# E60M5 Interlagos Blue



## TJS///M3 (Sep 13, 2004)

I've been trying to find an E46 M3 near me with cinnamon to go and have a look for myself, but so far I havent found any that are nearer than 1.5 - 2 hrs away (and yes, I'm tempted to go and look). There are a few on ebay with cinnamon to look at pictures... but I really need to see it in person to confirm if it goes on the order sheet  

Anyone with cinnamon want to take a few higher rez pictures for us poor people on the fence?


----------



## webguy330i (Jan 9, 2002)

You absolutely need to see it in person. It's stunning!


----------



## cafortier (Jul 11, 2004)

TJS///M3 said:


> I've been trying to find an E46 M3 near me with cinnamon to go and have a look for myself, but so far I havent found any that are nearer than 1.5 - 2 hrs away (and yes, I'm tempted to go and look). There are a few on ebay with cinnamon to look at pictures... but I really need to see it in person to confirm if it goes on the order sheet
> 
> Anyone with cinnamon want to take a few higher rez pictures for us poor people on the fence?

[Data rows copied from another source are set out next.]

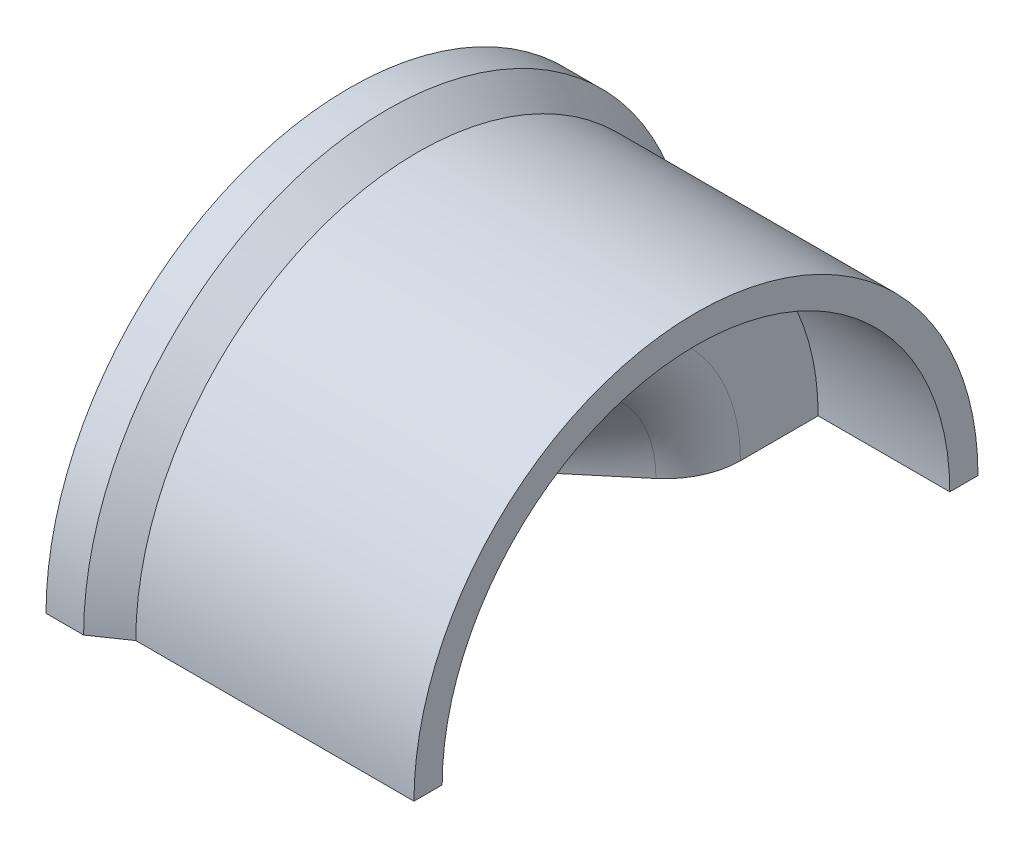
from build123d import *

# Parameters (mm, degrees)
SKETCH5_R               = 19.05
BOSS_EXTRUDE1_DEPTH     = 11.43
BOSS_EXTRUDE4_REACH     = 13.989
SKETCH12_R              = 19.05
SKETCH12_R_2            = 13.981282801
SKETCH11_R              = 17.145
CUT_EXTRUDE5_DEPTH      = 8.89
SKETCH13_R              = 9.525
CUT_EXTRUDE7_DEPTH      = 6.35
CUT_EXTRUDE7_TAPER      = 40
SKETCH14_W              = 44.104776143
SKETCH14_H              = 21.741572172
CUT_EXTRUDE8_DEPTH      = 1
CUT_EXTRUDE8_DEPTH_BACK = 24.418912122
FILLET6_R               = 5.08


with BuildPart() as part:
    # Sketch1 → Revolve4 (revolve)
    with BuildSketch(Plane(origin=(0, 0, 0), x_dir=(1, 0, 0), z_dir=(0, 1, 0))):
        with BuildLine():
            Line((22.460516589, 20.486669906), (19.920516589, 20.486669906))
            ThreePointArc((19.920516589, 20.486669906), (26.322608025, 11.119844052), (28.575, 0))
            Line((28.575, 0), (31.909428711, 0))
            Line((31.909428711, 0), (31.909428711, 13.981282801))
            Line((31.909428711, 13.981282801), (22.460516589, 20.486669906))
        make_face()
    revolve(axis=Axis((28.575, 0, 0), (1, 0, 0)))

    # Sketch5 → Boss-Extrude1 (add)
    with BuildSketch(Plane(origin=(31.909428711, 0, 0), x_dir=(0, 0, -1), z_dir=(1, 0, 0))):
        Circle(SKETCH5_R)
    extrude(amount=BOSS_EXTRUDE1_DEPTH)

    # Sketch12 → Boss-Extrude4 (add, up to next)
    with BuildSketch(Plane.ZY.offset(-31.909428711), mode=Mode.PRIVATE) as boss_extrude4_sk1:
        Circle(SKETCH12_R)
        Circle(SKETCH12_R_2, mode=Mode.SUBTRACT)
    boss_extrude4_tool1 = extrude(boss_extrude4_sk1.sketch, amount=BOSS_EXTRUDE4_REACH, mode=Mode.PRIVATE) - part.part
    add(boss_extrude4_tool1.solids().sort_by_distance((31.909429, 0, -18.511185))[0])

    # Sketch11 → Cut-Extrude5 (cut)
    with BuildSketch(Plane(origin=(43.339428711, 0, 0), x_dir=(0, 0, -1), z_dir=(1, 0, 0))):
        Circle(SKETCH11_R)
    extrude(amount=-CUT_EXTRUDE5_DEPTH, mode=Mode.SUBTRACT)

    # Sketch13 → Cut-Extrude7 (cut)
    with BuildSketch(Plane(origin=(34.449428711, 0, 0), x_dir=(0, 0, -1), z_dir=(1, 0, 0))):
        Circle(SKETCH13_R)
    extrude(amount=-CUT_EXTRUDE7_DEPTH, taper=CUT_EXTRUDE7_TAPER, mode=Mode.SUBTRACT)

    # Sketch14 → Cut-Extrude8 (cut, two sides)
    with BuildSketch(Plane(origin=(43.339428711, 0, 0), x_dir=(0, 0, -1), z_dir=(1, 0, 0))) as cut_extrude8_sk:
        with Locations((0.388519875, -10.870786086)):
            Rectangle(SKETCH14_W, SKETCH14_H)
    extrude(amount=CUT_EXTRUDE8_DEPTH, mode=Mode.SUBTRACT)
    extrude(cut_extrude8_sk.sketch, amount=-CUT_EXTRUDE8_DEPTH_BACK, mode=Mode.SUBTRACT)

    # Fillet6
    fillet6_edges = [part.edges().sort_by_distance(p)[0] for p in [
        (34.449428711, 9.525, 0),
    ]]
    fillet(fillet6_edges, radius=FILLET6_R)


solid = part.part
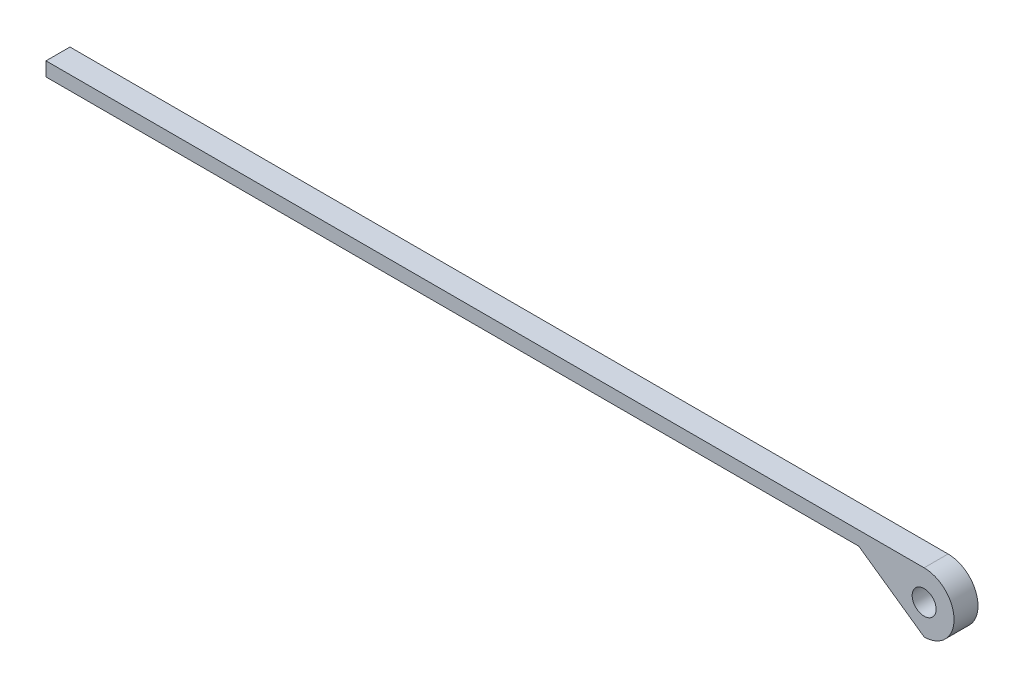
from build123d import *

# Parameters (mm, degrees)
SKETCH1_R           = 3
BOSS_EXTRUDE1_DEPTH = 6


with BuildPart() as part:
    # Sketch1 → Boss-Extrude1 (new body)
    with BuildSketch(Plane.XY):
        with BuildLine():
            Line((210, 399.806072497), (-10, 399.806072497))
            Line((-10, 399.806072497), (-10, 396.306072497))
            Line((-10, 396.306072497), (193.636931828, 396.306072497))
            Line((193.636931828, 396.306072497), (210, 384.806072497))
            ThreePointArc((210, 384.806072497), (217.5, 392.306072497), (210, 399.806072497))
        make_face()
        with Locations((210, 392.306072497)):
            Circle(SKETCH1_R, mode=Mode.SUBTRACT)
    extrude(amount=BOSS_EXTRUDE1_DEPTH)


solid = part.part
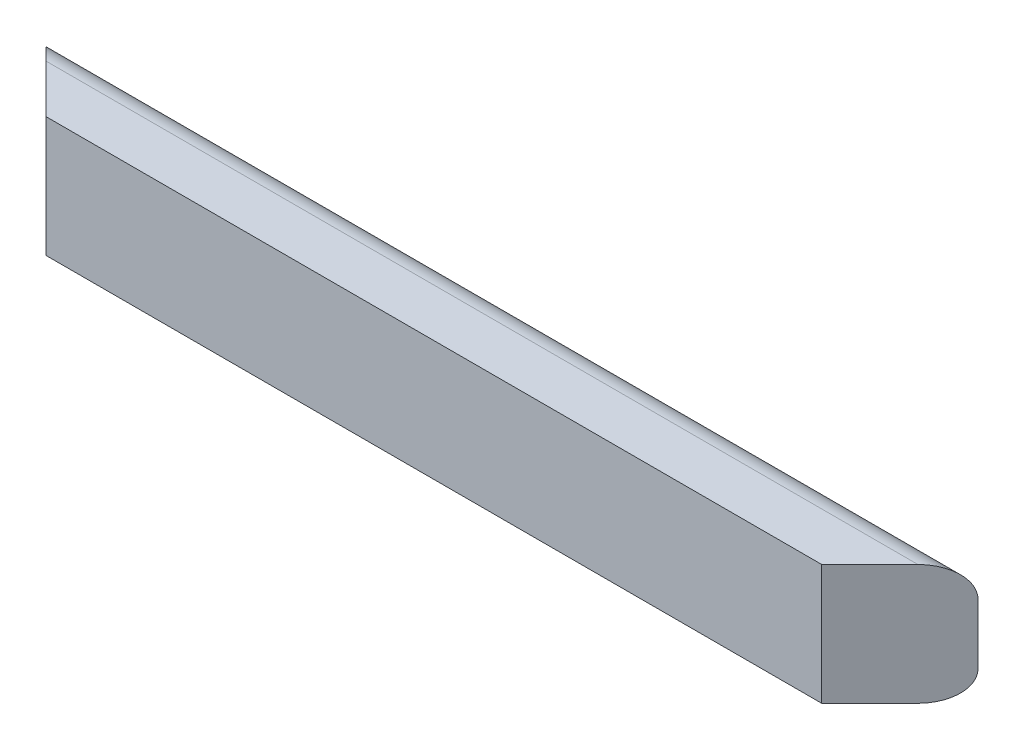
from build123d import *

# Parameters (mm, degrees)
BOSS_EXTRUDE1_DEPTH = 984.25
SKETCH2_W           = 344.402501539
SKETCH2_H           = 493.213131915
CUT_EXTRUDE1_DEPTH  = 59.371664787


with BuildPart() as part:
    # Sketch1 → Boss-Extrude1 (new body)
    with BuildSketch(Plane(origin=(0, 0, 0), x_dir=(0, 0, -1), z_dir=(1, 0, 0))):
        with BuildLine():
            Line((0, 0), (31.75, 0))
            ThreePointArc((31.75, 0), (54.200640303, 9.299359697), (63.5, 31.75))
            Line((63.5, 31.75), (63.5, 95.25))
            ThreePointArc((63.5, 95.25), (54.200640303, 117.700640303), (31.75, 127))
            Line((31.75, 127), (0, 127))
            Line((0, 127), (-19.05, 127))
            Line((-19.05, 127), (-19.05, 0))
            Line((-19.05, 0), (0, 0))
        make_face()
    extrude(amount=BOSS_EXTRUDE1_DEPTH)

    # Sketch2 → Cut-Extrude1 (cut, through all)
    with BuildSketch(Plane(origin=(460.375, 0, 460.375), x_dir=(0, 1, 0), z_dir=(0.707106781, 0, 0.707106781))):
        with Locations((32.995160032, -679.680893327)):
            Rectangle(SKETCH2_W, SKETCH2_H)
    cut_extrude1 = extrude(amount=CUT_EXTRUDE1_DEPTH, mode=Mode.SUBTRACT)

    # Mirror1: Cut-Extrude1 across plane
    add(cut_extrude1.mirror(Plane(origin=(492.125, 0, 0), x_dir=(0, 0, 1), z_dir=(1, 0, 0))), mode=Mode.SUBTRACT)


solid = part.part

I've seen it in person (on an Oxford Green II exterior) and it's really nice. A bit brighter and less orange than Terracotta in the X3. The color is not throughout though, in that the carpet and dash are black - the accent pieces are what are Cinnamon.

http://m3.madrussian.net/gallery.shtml
http://www.m3supercar.com/e46interior.html

Chris


----------



## cafortier (Jul 11, 2004)

Went to the dealer today to get some pictures of the Interlagos blue sample. It was a bright, but cloudy and rainy day outside and I didn't take the pictures, so it's still hard to tell how this color really looks. I'm still not convinced it's a good choice.

The wet one is on top of a Mystic Blue M3 Coupe.

Update: The one with the hand is inside on top of a LeMans Blue X5 4.8is

Chris


----------



## webguy330i (Jan 9, 2002)

cafortier said:


> Went to the dealer today to get some pictures of the Interlagos blue sample. It was a bright, but cloudy and rainy day outside and I didn't take the pictures, so it's still hard to tell how this color really looks. I'm still not convinced it's a good choice.
> 
> The wet one is on top of a Mystic Blue M3 Coupe.
> 
> Chris


 Dude you are the man! I love it personally, can't wait to get a whole car in that color.


----------



## TJS///M3 (Sep 13, 2004)

cafortier said:


> Went to the dealer today to get some pictures of the Interlagos blue sample. It was a bright, but cloudy and rainy day outside and I didn't take the pictures, so it's still hard to tell how this color really looks. I'm still not convinced it's a good choice.
> 
> The wet one is on top of a Mystic Blue M3 Coupe.
> 
> ...


Ok, so it looks darker than the mystic blue, which is fine with me since I liked both mystic blue and carbon black. I still need to go and have a look at a cinnamon interior, so I'll have a look at the color sample at the same time. But, from your pictures, I am liking it alot. Thanks for putting up the shots.


----------



## cafortier (Jul 11, 2004)

This looks a lot like Interlagos on an M6 no less. 

http://www.carfreaks.net/gallery/m6_e63_spy


----------



## webguy330i (Jan 9, 2002)

cafortier said:


> This looks a lot like Interlagos on an M6 no less.
> 
> http://www.carfreaks.net/gallery/m6_e63_spy


 I saw that yesterday... had to get a towel to clean up the mess I made.  :rofl:

That is the best color evar, I stand by that!


----------



## Chris330Ci (Jan 23, 2002)

Hey Chris - think you can make this Imola Red for me... :eeps: Thanks!



webguy330i said:


> Here's a CSL I colorized...


----------



## webguy330i (Jan 9, 2002)

Sure dude! =)

Based off this pic I found:









PS'd:


----------



## Chris330Ci (Jan 23, 2002)

webguy330i said:


> Sure dude! =)


I have a vision of this in my garage... :bigpimp:


----------



## cafortier (Jul 11, 2004)

Chris330Ci said:


> I have a vision of this in my garage... :bigpimp:


I wish it looked that good in reality! Imola is a non-metallic, much flatter color and doesn't have that reflectivity.

Didn't BMW do a Ruby Red Metallic at one point in the past? That would look sweet on the M3 and would be my first choice.

Chris


----------



## webguy330i (Jan 9, 2002)

cafortier said:


> I wish it looked that good in reality! Imola is a non-metallic, much flatter color and doesn't have that reflectivity.
> 
> Didn't BMW do a Ruby Red Metallic at one point in the past? That would look sweet on the M3 and would be my first choice.
> 
> Chris


 C'mon now, that's with 4 coats of zaino under a p21s job.


----------